Source code after development process
Obfuscated source code with readable layout (intermediate step)
Final JS obfuscated delivery source code version

Web Shrinker

1. Problems

Problem #1

Demanding Web 2.0 applications are complex to create and therefore expensive. Owners want to protect their property, so they can pay off their investment, perhaps through license sales, and not be ripped off by illegal copies. However, since no compilation of JavaScript takes place, only an interpretation, the un-obscured source code will be sent to the browser. Protection does not seem possible.

Problem #2

Generated HTML pages and JavaScript code can quickly become large and require unnecessarily long loading times. With increasing bandwidth on the internet, this problem is decreasing, although it is still a problem, especially in mobile networks and in underdeveloped parts of the world.

2. Solution

The solution to the above problems is an automatic masking of the JavaScript source code after the development phase. In practice, this means disguising the source code so that 1. it becomes unreadable to unauthorized third parties, and thus the concepts behind the source code can only be traced with a huge effort, and 2. it becomes significantly smaller in size.

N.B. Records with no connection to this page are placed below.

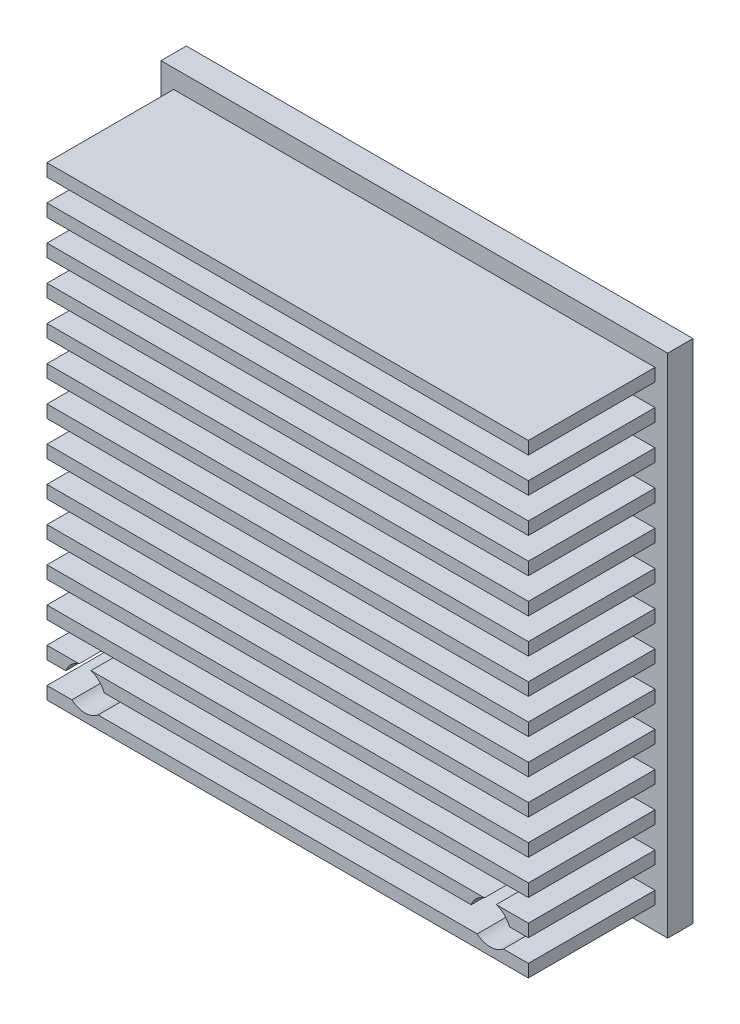
from build123d import *

# Parameters (mm, degrees)
SKETCH1_W           = 40
SKETCH1_H           = 40
BOSS_EXTRUDE1_DEPTH = 2
SKETCH2_W           = 38
SKETCH2_H           = 1
BOSS_EXTRUDE2_DEPTH = 10
SKETCH3_R           = 1.6
CUT_EXTRUDE1_DEPTH  = 31.724582991


with BuildPart() as part:
    # Sketch1 → Boss-Extrude1 (new body)
    with BuildSketch(Plane.XY):
        Rectangle(SKETCH1_W, SKETCH1_H)
    extrude(amount=BOSS_EXTRUDE1_DEPTH)

    # Sketch2 → Boss-Extrude2 (add)
    with BuildSketch(Plane.XY.offset(2)):
        with Locations((0, 15.280666702)):
            Rectangle(SKETCH2_W, SKETCH2_H)
        with Locations((0, 18.030666702)):
            Rectangle(SKETCH2_W, SKETCH2_H)
        with Locations((0, 12.530666702)):
            Rectangle(SKETCH2_W, SKETCH2_H)
        with Locations((0, 9.780666702)):
            Rectangle(SKETCH2_W, SKETCH2_H)
        with Locations((0, 7.030666702)):
            Rectangle(SKETCH2_W, SKETCH2_H)
        with Locations((0, 4.280666702)):
            Rectangle(SKETCH2_W, SKETCH2_H)
        with Locations((0, 1.530666702)):
            Rectangle(SKETCH2_W, SKETCH2_H)
        with Locations((0, -1.219333298)):
            Rectangle(SKETCH2_W, SKETCH2_H)
        with Locations((0, -3.969333298)):
            Rectangle(SKETCH2_W, SKETCH2_H)
        with Locations((0, -6.719333298)):
            Rectangle(SKETCH2_W, SKETCH2_H)
        with Locations((0, -9.469333298)):
            Rectangle(SKETCH2_W, SKETCH2_H)
        with Locations((0, -12.219333298)):
            Rectangle(SKETCH2_W, SKETCH2_H)
        with Locations((0, -14.969333298)):
            Rectangle(SKETCH2_W, SKETCH2_H)
        with Locations((0, -17.719333298)):
            Rectangle(SKETCH2_W, SKETCH2_H)
    extrude(amount=BOSS_EXTRUDE2_DEPTH)

    # Sketch3 → Cut-Extrude1 (cut, through all)
    with BuildSketch(Plane(origin=(0, 0, 0), x_dir=(-1, 0, 0), z_dir=(0, 0, -1))):
        with Locations((16, -16)):
            Circle(SKETCH3_R)
        with Locations((-16, -16)):
            Circle(SKETCH3_R)
    extrude(amount=-CUT_EXTRUDE1_DEPTH, mode=Mode.SUBTRACT)


solid = part.part

To implement this idea, the given source code must be analyzed automatically to identify the code structure, or to filter out variables, instructions and other language elements. The obfuscation thereby takes place in two separate parts:

  1. Syntactic analysis of the given source code in the languages ASP, HTML and JavaScript. Based on this analysis, a syntax tree of the program is created.
  2. Manipulate the syntax tree according to clearly defined rules and then output as a masked file.

The sequence of obfuscation resembles a compilation of source code files, except that in this particular case, both source and target language are the same. The syntactic analysis is based here on the specifications of the respective languages (e.g. ECMA-262 from the European Computer Manufacturers Association for JavaScript). With these specifications, it is possible, given the source code, to search for defined tokens of the language (under the principle of a lexicon). The resulting token stream (of so-called lexemes) is then used as input to a language parser of that language. This language parser examines the token stream by conventional language patterns, such as instructions, assignments or expressions. If there is a shared source of valid derivative work under the relevant language specification, a matching syntax tree is created as the last stage of syntactic analysis. Otherwise, the given source code is syntactically incorrect.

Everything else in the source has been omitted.